# Microsoft Office Application Help - Excel Help forum > Excel Charting & Pivots >  >  Advice needed for chart/table layout

## Timvdp314

Before I throw my question out there, let me explain the situation.

I work for a chicken farmer who has 3 barns with chickens. Every day the eggs have to be collected and sorted (good, weak or cracked, dirty, too heavy or too light). For each barn, the quantity and quality of the eggs have to be monitored, I chose to do that with Excel. My current layout looks like this, with the data shown per week number: (see attachment).
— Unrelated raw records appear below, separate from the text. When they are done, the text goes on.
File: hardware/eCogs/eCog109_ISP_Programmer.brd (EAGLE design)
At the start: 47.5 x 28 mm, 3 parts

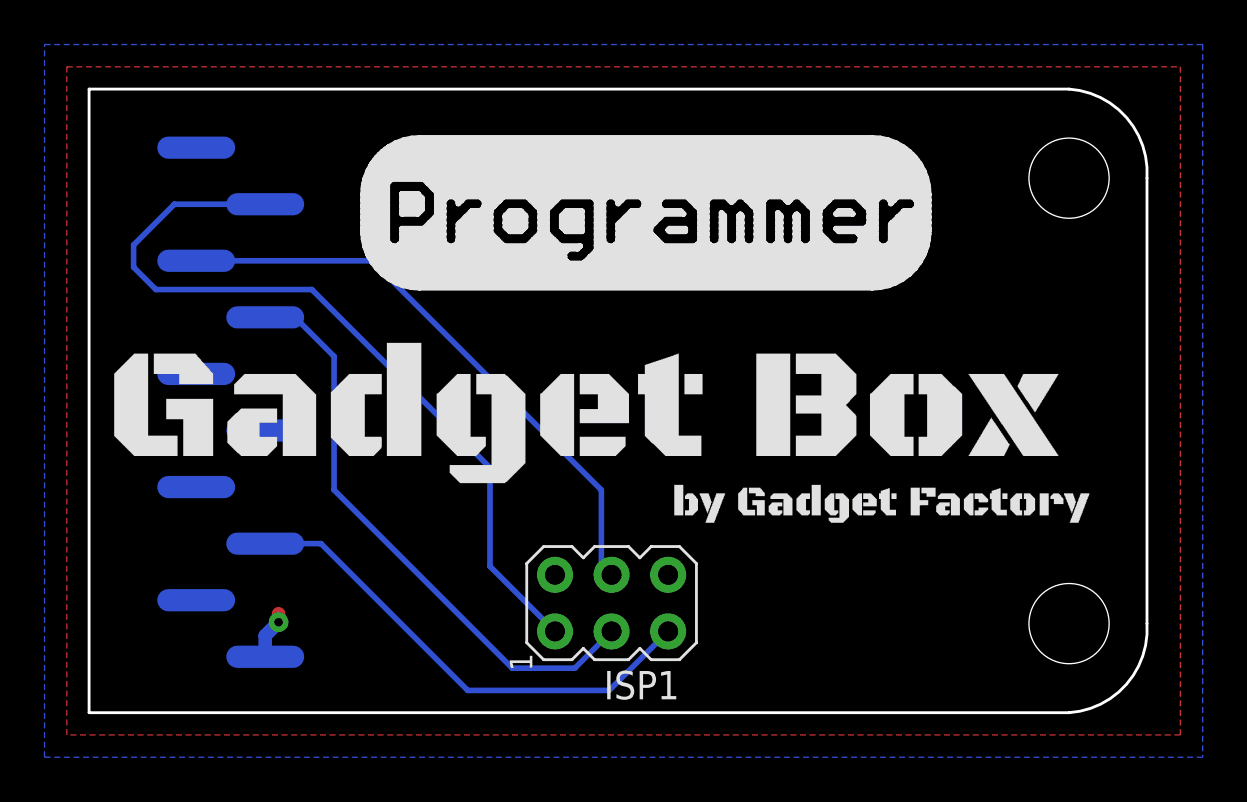
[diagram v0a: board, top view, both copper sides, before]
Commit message: Update eCogs to through hole
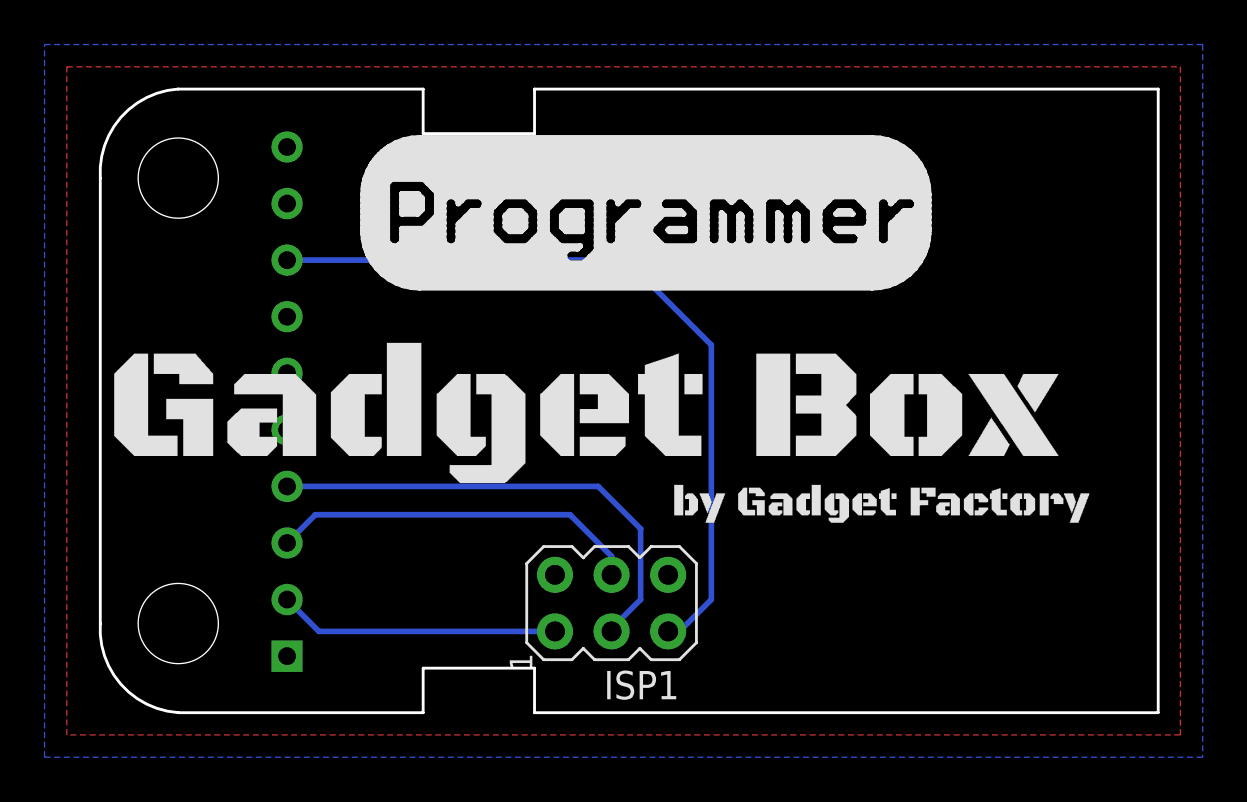
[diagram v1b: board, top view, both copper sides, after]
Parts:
- ECOG: value ECOG_BUSES_ROWECOG_BUSES_SMD -> ECOG_BUSES_ROWTHROUGHHOLE; device eCogs:ECOG_BUSES_SMD -> eCogs:ECOG_BUSES_TH
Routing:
- net N$1: track 36.0 -> 12.6 mm
- net N$3: track 21.9 -> 34.6 mm
- net N$4: track 26.5 -> 16.7 mm
- net N$2: track 26.3 -> 21.8 mm
- net 3V3: track 2.18 -> 0.00 mm, vias 1 -> 0
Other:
- outline, holes or cut-outs redrawn
- board text added: "ecog109 v2.1"
- board text removed: "ecog109 v1.0"
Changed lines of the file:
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@@
 <setting verticaltext="up"/>
 </settings>
-<grid distance="1" unitdist="mm" unit="mm" style="lines" multiple="1" display="yes" altdistance="0.1" altunitdist="mm" altunit="mm"/>
+<grid distance="0.05" unitdist="inch" unit="inch" style="lines" multiple="1" display="yes" altdistance="0.005" altunitdist="inch" altunit="inch"/>
 <layers>
 <layer number="1" name="Top" color="4" fill="1" visible="yes" active="yes"/>
@@
 <layer number="19" name="Unrouted" color="6" fill="1" visible="yes" active="yes"/>
 <layer number="20" name="Dimension" color="15" fill="1" visible="yes" active="yes"/>
-<layer number="21" name="tPlace" color="16" fill="1" visible="yes" active="yes"/>
+<layer number="21" name="tPlace" color="16" fill="1" visible="no" active="yes"/>
 <layer number="22" name="bPlace" color="14" fill="1" visible="yes" active="yes"/>
 <layer number="23" name="tOrigins" color="15" fill="1" visible="yes" active="yes"/>
@@
 <plain>
 <text x="37.559" y="18.415" size="0.8128" layer="22" font="vector" rot="MR0">ecog109.GadgetFactory.net</text>
-<text x="40.702" y="2.159" size="1.016" layer="22" font="vector" rot="MR0">ecog109 v1.0</text>
+<text x="40.702" y="2.159" size="1.016" layer="22" font="vector" rot="MR0">ecog109 v2.1</text>
 <text x="40.702" y="3.429" size="1.016" layer="22" font="vector" rot="MR0">ISP Programmer</text>
 <text x="40.702" y="4.699" size="1.016" layer="22" font="vector" rot="MR0">eCogs</text>
@@
 </autorouter>
 <elements>
-<element name="ECOG" library="eCogs" package="ECOG_BUSES_SMD" value="ECOG_BUSES_ROWECOG_BUSES_SMD" x="0" y="0" smashed="yes">
-<attribute name="DIGIKEY" value="S1013EC-10-ND" x="0" y="0" size="1.778" layer="27" display="off"/>
-</element>
+<element name="ECOG" library="eCogs" package="ECOG_BUSES_TH" value="ECOG_BUSES_ROWTHROUGHHOLE" x="0" y="0" smashed="yes"/>
 <element name="U$1" library="GadgetFactory" package="GADGETBOX_TEXT" value="" x="22.4" y="13.24"/>
 <element name="ISP1" library="adafruit" package="AVRISP" value="AVRISP-6" x="23.46" y="4.92" rot="R90"/>
@@
 </polygon>
 <contactref element="ECOG" pad="3V3"/>
-<wire x1="7.9094" y1="2.51" x2="7.9094" y2="3.4644" width="0.6096" layer="16"/>
-<wire x1="7.9094" y1="3.4644" x2="8.509" y2="4.064" width="0.6096" layer="16"/>
-<via x="8.509" y="4.064" extent="1-16" drill="0.381"/>
-<wire x1="8.509" y1="4.064" x2="8.509" y2="4.445" width="0.6096" layer="1"/>
 <contactref element="ISP1" pad="2"/>
 </signal>
@@
 <contactref element="ECOG" pad="SPI-MISO"/>
 <contactref element="ISP1" pad="1"/>
-<wire x1="7.9094" y1="22.83" x2="3.83" y2="22.83" width="0.254" layer="16"/>
-<wire x1="3.83" y1="22.83" x2="2" y2="21" width="0.254" layer="16"/>
-<wire x1="2" y1="21" x2="2" y2="20" width="0.254" layer="16"/>
-<wire x1="2" y1="20" x2="3" y2="19" width="0.254" layer="16"/>
-<wire x1="3" y1="19" x2="10" y2="19" width="0.254" layer="16"/>
-<wire x1="10" y1="19" x2="18" y2="11" width="0.254" layer="16"/>
-<wire x1="18" y1="11" x2="18" y2="6.57" width="0.254" layer="16"/>
-<wire x1="18" y1="6.57" x2="20.92" y2="3.65" width="0.254" layer="16"/>
+<wire x1="20.92" y1="3.65" x2="10.32" y2="3.65" width="0.254" layer="16"/>
+<wire x1="10.32" y1="3.65" x2="8.89" y2="5.08" width="0.254" layer="16"/>
 </signal>
 <signal name="N$2">
 <contactref element="ECOG" pad="SPI-SCK"/>
 <contactref element="ISP1" pad="3"/>
-<wire x1="7.9094" y1="17.75" x2="9.25" y2="17.75" width="0.254" layer="16"/>
-<wire x1="9.25" y1="17.75" x2="11" y2="16" width="0.254" layer="16"/>
-<wire x1="11" y1="16" x2="11" y2="10" width="0.254" layer="16"/>
-<wire x1="11" y1="10" x2="19" y2="2" width="0.254" layer="16"/>
-<wire x1="19" y1="2" x2="21.81" y2="2" width="0.254" layer="16"/>
-<wire x1="21.81" y1="2" x2="23.46" y2="3.65" width="0.254" layer="16"/>
+<wire x1="23.46" y1="3.65" x2="23.46" y2="3.775" width="0.254" layer="16"/>
+<wire x1="23.46" y1="3.775" x2="24.765" y2="5.08" width="0.254" layer="16"/>
+<wire x1="24.765" y1="5.08" x2="24.765" y2="8.255" width="0.254" layer="16"/>
+<wire x1="24.765" y1="8.255" x2="22.86" y2="10.16" width="0.254" layer="16"/>
+<wire x1="22.86" y1="10.16" x2="8.89" y2="10.16" width="0.254" layer="16"/>
 </signal>
 <signal name="N$3">
 <contactref element="ECOG" pad="RESET"/>
 <contactref element="ISP1" pad="5"/>
-<wire x1="7.9094" y1="7.59" x2="10.41" y2="7.59" width="0.254" layer="16"/>
-<wire x1="10.41" y1="7.59" x2="17" y2="1" width="0.254" layer="16"/>
-<wire x1="17" y1="1" x2="23.35" y2="1" width="0.254" layer="16"/>
-<wire x1="23.35" y1="1" x2="26" y2="3.65" width="0.254" layer="16"/>
+<wire x1="26" y1="3.65" x2="26.51" y2="3.65" width="0.254" layer="16"/>
+<wire x1="26.51" y1="3.65" x2="27.94" y2="5.08" width="0.254" layer="16"/>
+<wire x1="27.94" y1="5.08" x2="27.94" y2="16.51" width="0.254" layer="16"/>
+<wire x1="27.94" y1="16.51" x2="24.13" y2="20.32" width="0.254" layer="16"/>
+<wire x1="24.13" y1="20.32" x2="8.89" y2="20.32" width="0.254" layer="16"/>
 </signal>
 <signal name="N$4">
 <contactref element="ECOG" pad="SPI-MOSI"/>
 <contactref element="ISP1" pad="4"/>
-<wire x1="4.8106" y1="20.29" x2="12.71" y2="20.29" width="0.254" layer="16"/>
-<wire x1="12.71" y1="20.29" x2="23" y2="10" width="0.254" layer="16"/>
-<wire x1="23" y1="10" x2="23" y2="6.65" width="0.254" layer="16"/>
-<wire x1="23" y1="6.65" x2="23.46" y2="6.19" width="0.254" layer="16"/>
+<wire x1="23.46" y1="6.19" x2="23.46" y2="7.02" width="0.254" layer="16"/>
+<wire x1="23.46" y1="7.02" x2="21.59" y2="8.89" width="0.254" layer="16"/>
+<wire x1="21.59" y1="8.89" x2="10.16" y2="8.89" width="0.254" layer="16"/>
+<wire x1="10.16" y1="8.89" x2="8.89" y2="7.62" width="0.254" layer="16"/>
 </signal>
 </signals>

The top row displays the week numbers, the rows below that are data types, like amount of good eggs, percentage of bad eggs, dirty eggs etc. The barns are color-coded. The button in the top-left corner is assigned a macro that gathers all the data per week. I would like a graph that automatically updates itself once data from a new week is added. I also want to compare certain data types, for example average daily production, egg quality and water intake of the chickens, between each barn. In the past I used the Name Manager to make dynamic ranges, but back then I only had 3 data types per barn, whereas I currently keep track of 10 data types per barn and that number is likely to increase in the future, which makes defining the dynamic ranges rather burdensome. 

So I would like some advice/tips on how to do this. Any ideas/suggestions are welcome. NB: The Excel file is in Dutch, but that shouldn't be a huge problem.

----------